*** PROVIDED ENTRIES ***

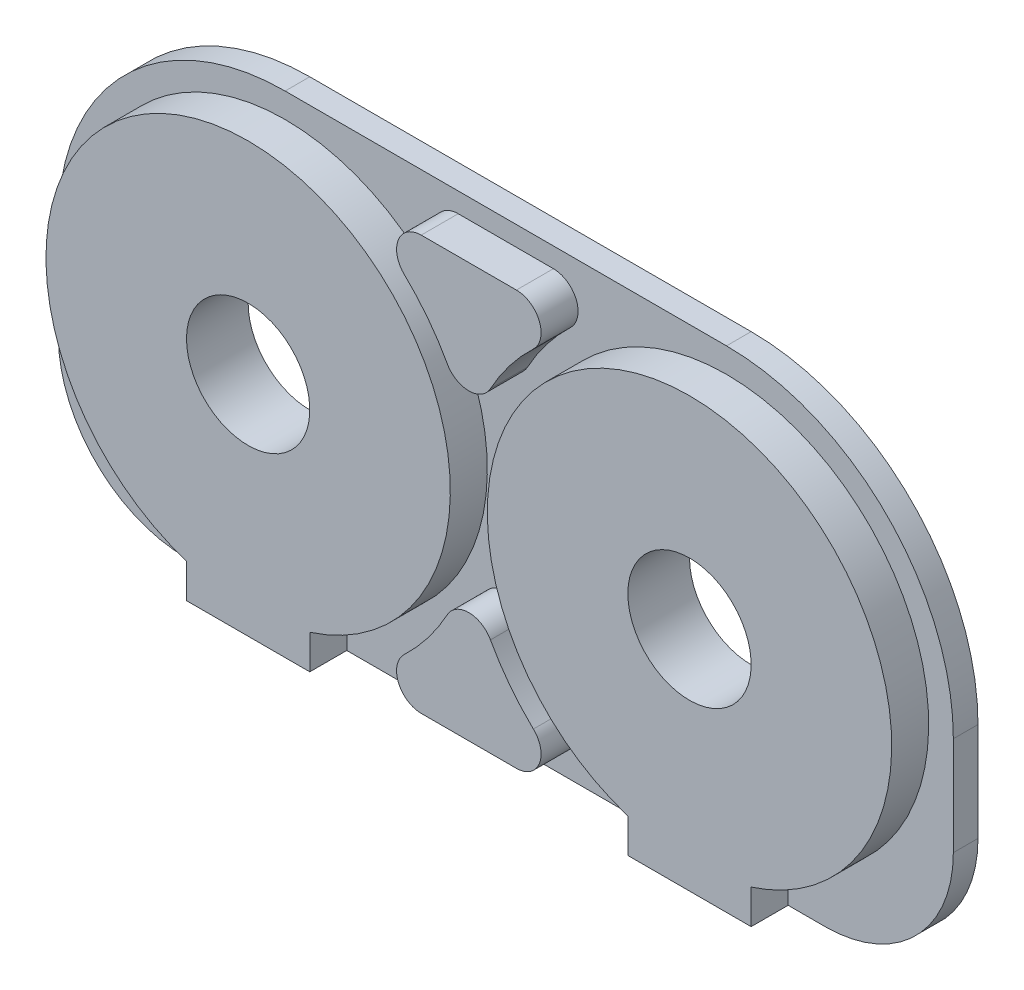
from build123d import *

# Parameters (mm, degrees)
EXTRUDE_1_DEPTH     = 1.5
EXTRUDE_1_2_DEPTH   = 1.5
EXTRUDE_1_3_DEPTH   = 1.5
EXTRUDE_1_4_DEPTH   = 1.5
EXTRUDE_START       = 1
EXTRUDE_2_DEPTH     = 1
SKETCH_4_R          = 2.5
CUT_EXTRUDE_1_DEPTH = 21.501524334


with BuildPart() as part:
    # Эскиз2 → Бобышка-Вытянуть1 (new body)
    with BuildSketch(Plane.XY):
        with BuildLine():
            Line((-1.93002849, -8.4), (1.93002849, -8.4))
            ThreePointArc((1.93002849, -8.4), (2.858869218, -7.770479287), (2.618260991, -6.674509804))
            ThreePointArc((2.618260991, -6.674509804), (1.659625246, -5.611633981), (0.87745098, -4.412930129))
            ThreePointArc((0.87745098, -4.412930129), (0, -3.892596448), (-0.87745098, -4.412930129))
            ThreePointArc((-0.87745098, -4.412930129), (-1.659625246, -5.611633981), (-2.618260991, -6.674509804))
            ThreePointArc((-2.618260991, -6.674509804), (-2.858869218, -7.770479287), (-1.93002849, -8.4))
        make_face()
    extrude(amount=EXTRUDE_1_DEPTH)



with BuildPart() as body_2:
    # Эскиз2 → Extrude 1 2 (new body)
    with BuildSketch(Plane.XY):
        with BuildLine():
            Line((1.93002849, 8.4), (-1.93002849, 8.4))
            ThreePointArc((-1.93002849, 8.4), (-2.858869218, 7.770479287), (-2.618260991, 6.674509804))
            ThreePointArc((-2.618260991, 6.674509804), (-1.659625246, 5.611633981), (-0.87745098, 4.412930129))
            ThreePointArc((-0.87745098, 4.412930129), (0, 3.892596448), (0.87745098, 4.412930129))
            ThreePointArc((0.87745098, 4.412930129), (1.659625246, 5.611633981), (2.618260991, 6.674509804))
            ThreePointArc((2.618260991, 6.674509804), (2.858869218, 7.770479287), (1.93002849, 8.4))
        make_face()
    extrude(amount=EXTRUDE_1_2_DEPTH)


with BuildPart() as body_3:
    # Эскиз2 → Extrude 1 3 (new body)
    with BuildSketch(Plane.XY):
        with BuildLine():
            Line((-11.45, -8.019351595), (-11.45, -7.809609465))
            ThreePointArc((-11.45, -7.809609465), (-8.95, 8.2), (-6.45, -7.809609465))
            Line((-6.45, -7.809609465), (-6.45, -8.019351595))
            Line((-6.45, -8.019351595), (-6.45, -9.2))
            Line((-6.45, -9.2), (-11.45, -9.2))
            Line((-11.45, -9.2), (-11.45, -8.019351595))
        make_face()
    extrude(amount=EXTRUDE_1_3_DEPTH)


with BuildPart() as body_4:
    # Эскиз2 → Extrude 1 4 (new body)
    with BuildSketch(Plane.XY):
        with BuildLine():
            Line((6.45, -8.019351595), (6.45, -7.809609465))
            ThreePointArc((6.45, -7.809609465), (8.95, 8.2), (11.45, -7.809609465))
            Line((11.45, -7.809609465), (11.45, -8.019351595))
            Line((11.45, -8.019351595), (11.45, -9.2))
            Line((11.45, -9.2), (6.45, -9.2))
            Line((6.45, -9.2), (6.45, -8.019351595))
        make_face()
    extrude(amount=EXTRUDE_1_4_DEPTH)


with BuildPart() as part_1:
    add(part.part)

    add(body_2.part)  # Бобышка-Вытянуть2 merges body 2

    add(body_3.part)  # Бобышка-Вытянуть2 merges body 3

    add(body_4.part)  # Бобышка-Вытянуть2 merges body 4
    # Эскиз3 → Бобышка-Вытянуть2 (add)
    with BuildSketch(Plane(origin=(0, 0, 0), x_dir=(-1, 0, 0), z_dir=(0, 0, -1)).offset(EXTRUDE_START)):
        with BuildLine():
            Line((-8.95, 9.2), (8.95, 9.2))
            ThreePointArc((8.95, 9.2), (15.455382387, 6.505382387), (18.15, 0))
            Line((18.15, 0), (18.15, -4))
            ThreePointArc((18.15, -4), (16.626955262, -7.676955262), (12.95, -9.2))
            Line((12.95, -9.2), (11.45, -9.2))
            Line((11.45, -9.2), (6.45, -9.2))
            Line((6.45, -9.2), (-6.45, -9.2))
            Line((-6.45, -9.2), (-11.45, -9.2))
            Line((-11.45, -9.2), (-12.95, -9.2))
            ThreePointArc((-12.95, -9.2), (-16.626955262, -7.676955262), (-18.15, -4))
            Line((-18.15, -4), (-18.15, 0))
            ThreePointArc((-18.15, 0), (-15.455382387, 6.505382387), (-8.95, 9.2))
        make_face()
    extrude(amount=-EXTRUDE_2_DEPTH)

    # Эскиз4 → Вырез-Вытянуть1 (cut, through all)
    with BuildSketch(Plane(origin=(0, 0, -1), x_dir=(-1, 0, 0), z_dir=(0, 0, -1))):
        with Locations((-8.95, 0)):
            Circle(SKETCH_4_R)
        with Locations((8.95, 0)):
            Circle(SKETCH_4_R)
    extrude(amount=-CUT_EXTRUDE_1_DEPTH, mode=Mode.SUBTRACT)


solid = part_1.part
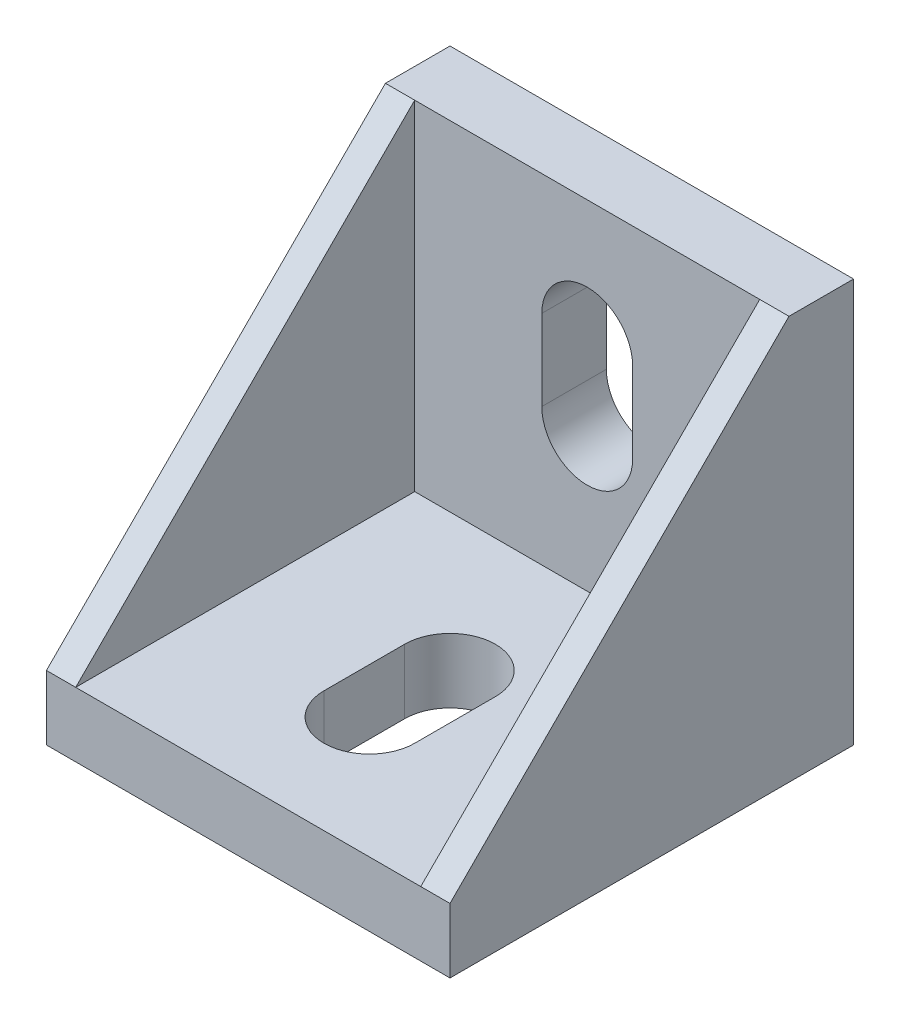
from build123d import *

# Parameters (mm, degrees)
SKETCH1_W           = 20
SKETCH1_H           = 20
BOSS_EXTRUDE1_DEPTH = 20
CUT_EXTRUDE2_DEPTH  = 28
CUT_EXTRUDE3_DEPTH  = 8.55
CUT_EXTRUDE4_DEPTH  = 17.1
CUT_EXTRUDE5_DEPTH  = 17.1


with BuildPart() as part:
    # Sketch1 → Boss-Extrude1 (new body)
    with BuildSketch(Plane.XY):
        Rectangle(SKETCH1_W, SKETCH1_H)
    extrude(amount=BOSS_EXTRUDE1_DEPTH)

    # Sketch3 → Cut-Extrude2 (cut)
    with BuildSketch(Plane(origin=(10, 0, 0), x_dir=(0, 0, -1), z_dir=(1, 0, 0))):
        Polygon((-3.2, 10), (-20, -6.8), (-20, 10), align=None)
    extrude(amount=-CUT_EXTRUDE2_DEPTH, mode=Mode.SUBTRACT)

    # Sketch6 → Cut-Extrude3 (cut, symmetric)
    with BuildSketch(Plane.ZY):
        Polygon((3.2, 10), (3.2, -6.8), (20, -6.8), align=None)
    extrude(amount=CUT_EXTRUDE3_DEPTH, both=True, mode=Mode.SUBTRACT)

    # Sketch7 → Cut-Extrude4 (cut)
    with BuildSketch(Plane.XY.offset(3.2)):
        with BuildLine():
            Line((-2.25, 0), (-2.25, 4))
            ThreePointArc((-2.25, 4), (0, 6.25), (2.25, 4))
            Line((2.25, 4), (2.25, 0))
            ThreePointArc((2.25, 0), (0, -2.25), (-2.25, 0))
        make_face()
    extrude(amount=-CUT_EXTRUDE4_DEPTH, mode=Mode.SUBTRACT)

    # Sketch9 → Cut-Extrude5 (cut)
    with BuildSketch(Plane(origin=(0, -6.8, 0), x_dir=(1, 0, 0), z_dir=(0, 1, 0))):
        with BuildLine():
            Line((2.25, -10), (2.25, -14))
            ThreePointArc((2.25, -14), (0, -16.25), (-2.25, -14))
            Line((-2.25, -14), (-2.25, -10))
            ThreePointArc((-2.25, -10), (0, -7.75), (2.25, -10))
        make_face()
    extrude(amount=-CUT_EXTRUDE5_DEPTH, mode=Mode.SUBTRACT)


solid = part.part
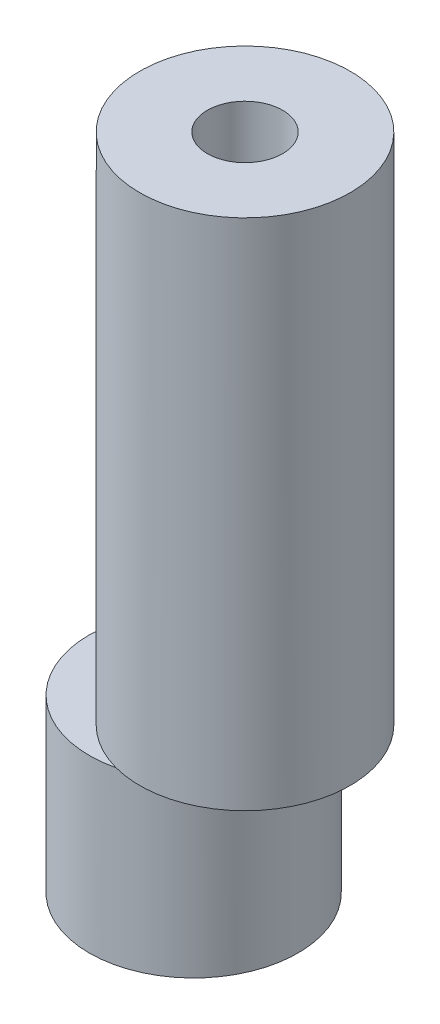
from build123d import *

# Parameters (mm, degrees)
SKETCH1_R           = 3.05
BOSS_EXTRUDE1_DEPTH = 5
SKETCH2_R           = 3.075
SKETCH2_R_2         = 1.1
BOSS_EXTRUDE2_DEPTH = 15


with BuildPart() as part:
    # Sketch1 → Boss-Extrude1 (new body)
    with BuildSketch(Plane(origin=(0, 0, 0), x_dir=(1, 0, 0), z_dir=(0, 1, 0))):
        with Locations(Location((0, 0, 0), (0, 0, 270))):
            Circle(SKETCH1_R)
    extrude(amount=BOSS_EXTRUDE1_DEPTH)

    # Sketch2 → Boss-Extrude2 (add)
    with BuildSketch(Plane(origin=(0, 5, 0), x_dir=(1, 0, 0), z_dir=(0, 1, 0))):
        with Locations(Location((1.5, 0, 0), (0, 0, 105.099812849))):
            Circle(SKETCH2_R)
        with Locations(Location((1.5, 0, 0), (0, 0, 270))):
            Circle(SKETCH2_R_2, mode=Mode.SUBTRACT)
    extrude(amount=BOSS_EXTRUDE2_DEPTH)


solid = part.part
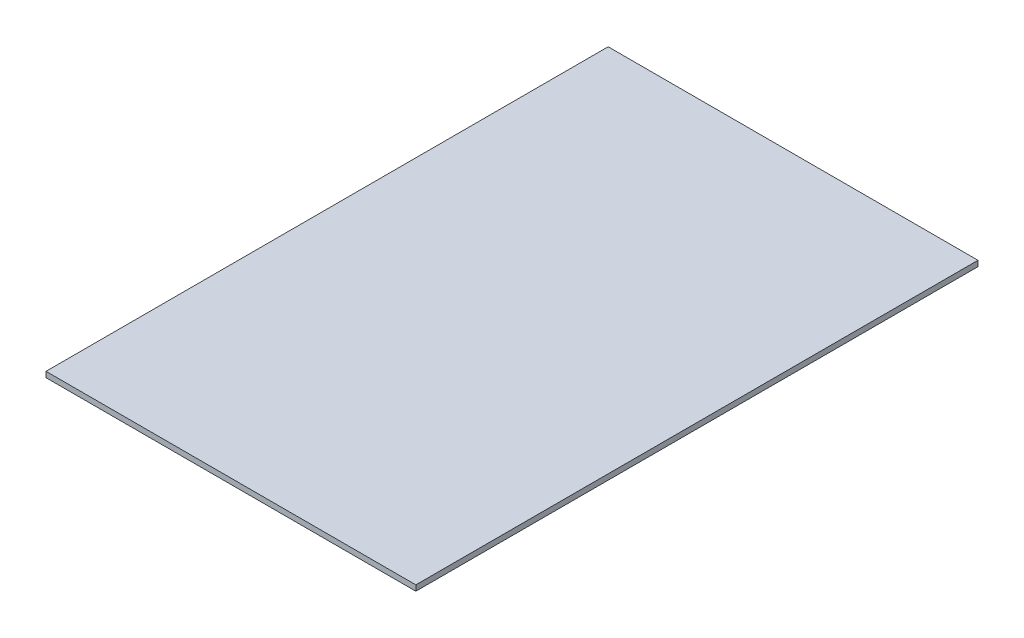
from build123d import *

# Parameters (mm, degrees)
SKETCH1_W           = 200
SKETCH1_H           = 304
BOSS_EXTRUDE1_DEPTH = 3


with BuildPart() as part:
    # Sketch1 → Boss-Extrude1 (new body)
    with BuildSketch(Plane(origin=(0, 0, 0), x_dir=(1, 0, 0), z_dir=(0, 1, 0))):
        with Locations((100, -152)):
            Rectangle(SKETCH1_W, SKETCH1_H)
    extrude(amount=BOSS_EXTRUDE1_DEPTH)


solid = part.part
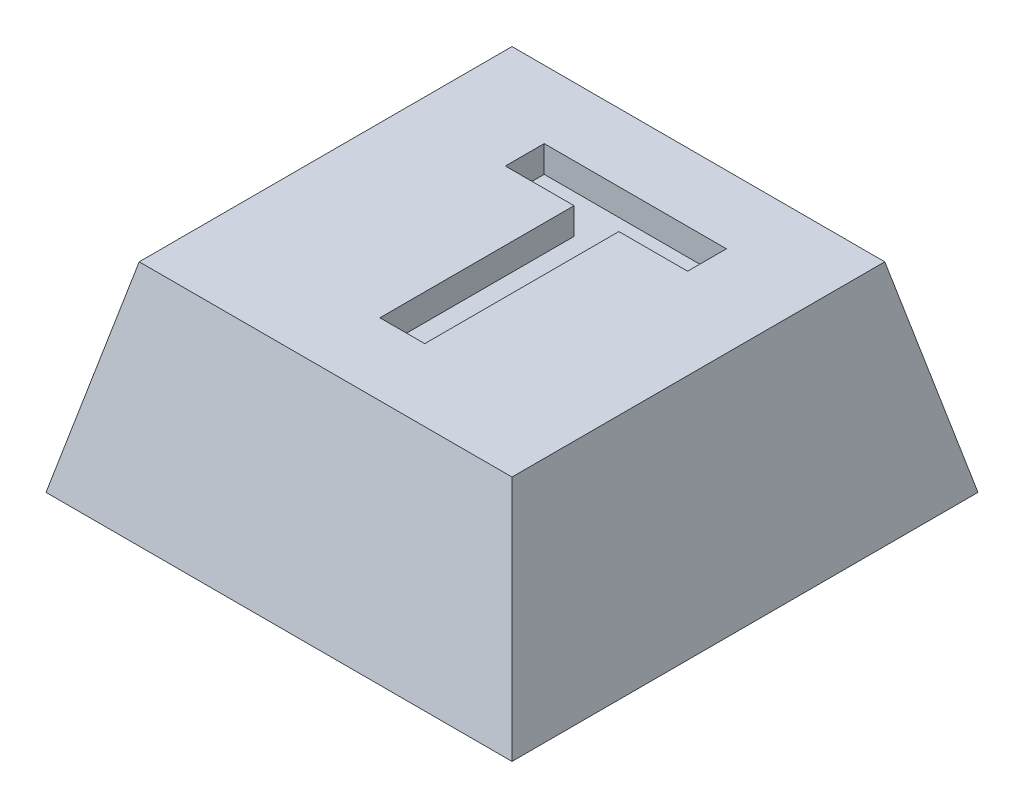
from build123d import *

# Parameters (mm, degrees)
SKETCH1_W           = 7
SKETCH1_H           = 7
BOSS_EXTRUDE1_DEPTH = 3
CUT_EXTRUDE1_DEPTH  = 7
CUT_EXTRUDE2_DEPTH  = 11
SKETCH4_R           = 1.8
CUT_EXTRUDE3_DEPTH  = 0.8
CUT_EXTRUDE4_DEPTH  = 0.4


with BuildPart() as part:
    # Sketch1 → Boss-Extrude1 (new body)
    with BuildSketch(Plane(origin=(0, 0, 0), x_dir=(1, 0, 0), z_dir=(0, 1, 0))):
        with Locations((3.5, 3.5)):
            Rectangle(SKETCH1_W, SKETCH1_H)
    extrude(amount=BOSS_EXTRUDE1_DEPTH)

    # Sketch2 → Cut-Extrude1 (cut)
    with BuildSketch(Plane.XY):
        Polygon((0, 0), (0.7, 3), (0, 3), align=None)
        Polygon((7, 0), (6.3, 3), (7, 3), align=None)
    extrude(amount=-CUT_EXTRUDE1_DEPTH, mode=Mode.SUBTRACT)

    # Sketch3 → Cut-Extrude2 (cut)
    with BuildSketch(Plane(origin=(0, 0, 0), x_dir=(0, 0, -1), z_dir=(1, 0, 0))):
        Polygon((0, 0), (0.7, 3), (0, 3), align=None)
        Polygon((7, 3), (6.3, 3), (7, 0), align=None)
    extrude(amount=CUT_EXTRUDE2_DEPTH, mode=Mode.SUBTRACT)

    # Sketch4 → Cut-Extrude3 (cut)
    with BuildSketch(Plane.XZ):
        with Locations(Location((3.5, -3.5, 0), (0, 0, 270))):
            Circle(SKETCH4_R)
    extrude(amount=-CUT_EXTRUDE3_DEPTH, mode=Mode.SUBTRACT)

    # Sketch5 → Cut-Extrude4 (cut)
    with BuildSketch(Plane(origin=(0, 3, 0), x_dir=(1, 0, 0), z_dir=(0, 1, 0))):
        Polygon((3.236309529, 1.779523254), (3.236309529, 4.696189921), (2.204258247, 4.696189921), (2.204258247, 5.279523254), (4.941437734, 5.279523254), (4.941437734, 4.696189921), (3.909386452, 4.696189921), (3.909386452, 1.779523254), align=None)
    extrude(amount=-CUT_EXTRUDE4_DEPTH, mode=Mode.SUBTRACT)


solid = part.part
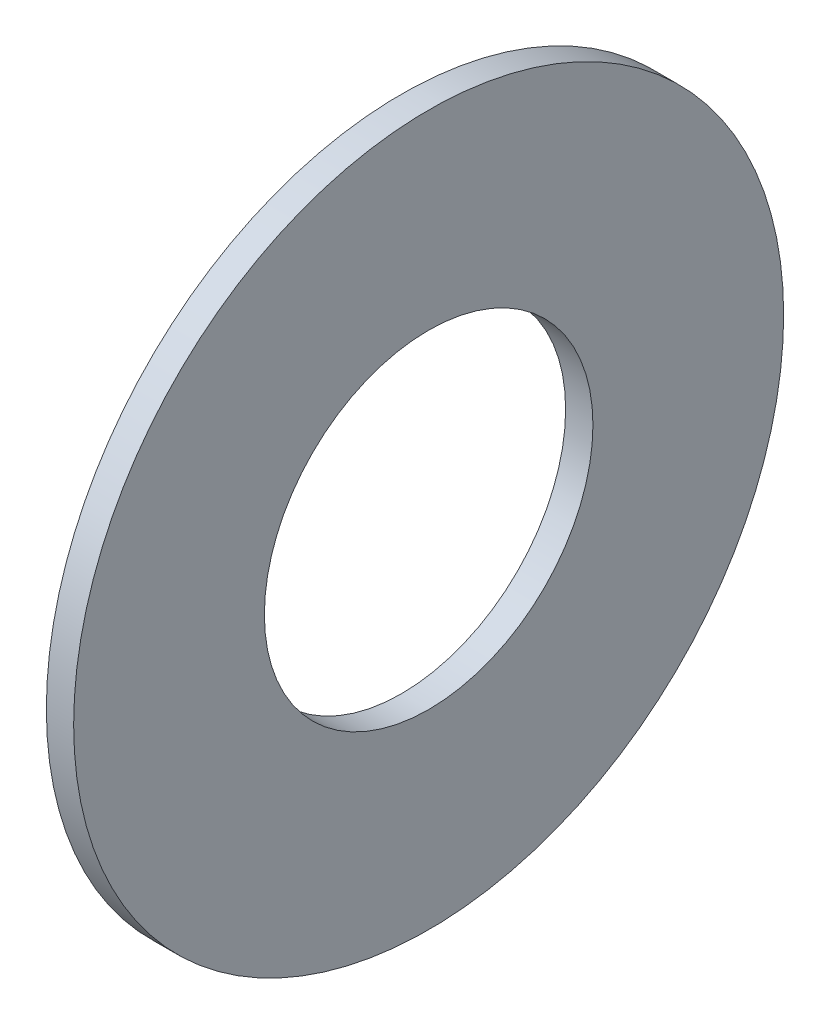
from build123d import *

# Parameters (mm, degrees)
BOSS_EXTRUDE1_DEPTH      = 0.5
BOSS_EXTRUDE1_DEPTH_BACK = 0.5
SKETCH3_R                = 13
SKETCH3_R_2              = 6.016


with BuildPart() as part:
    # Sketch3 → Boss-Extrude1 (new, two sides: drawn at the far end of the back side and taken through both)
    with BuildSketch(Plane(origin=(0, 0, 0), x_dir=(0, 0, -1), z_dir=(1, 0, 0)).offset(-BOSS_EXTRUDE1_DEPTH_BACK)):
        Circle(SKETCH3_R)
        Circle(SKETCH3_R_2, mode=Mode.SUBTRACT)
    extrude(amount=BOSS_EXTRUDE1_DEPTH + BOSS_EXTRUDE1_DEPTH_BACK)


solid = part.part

*** End of PROVIDED ENTRIES ***

From the entries, report every line in which the string "SUBTRACT" occurs.

## ANSWER FOR THE TASK:
    extrude(amount=-CUT_EXTRUDE_1_DEPTH, mode=Mode.SUBTRACT)
    extrude(amount=-CUT_EXTRUDE2_DEPTH, mode=Mode.SUBTRACT)
    extrude(amount=CUT_EXTRUDE3_DEPTH, both=True, mode=Mode.SUBTRACT)
    extrude(amount=-CUT_EXTRUDE4_DEPTH, mode=Mode.SUBTRACT)
    extrude(amount=-CUT_EXTRUDE5_DEPTH, mode=Mode.SUBTRACT)
            Circle(SKETCH2_R_2, mode=Mode.SUBTRACT)
    extrude(amount=-CUT_EXTRUDE1_DEPTH, mode=Mode.SUBTRACT)
    extrude(amount=CUT_EXTRUDE2_DEPTH, mode=Mode.SUBTRACT)
    extrude(amount=-CUT_EXTRUDE3_DEPTH, mode=Mode.SUBTRACT)
    extrude(amount=-CUT_EXTRUDE4_DEPTH, mode=Mode.SUBTRACT)
        Circle(SKETCH3_R_2, mode=Mode.SUBTRACT)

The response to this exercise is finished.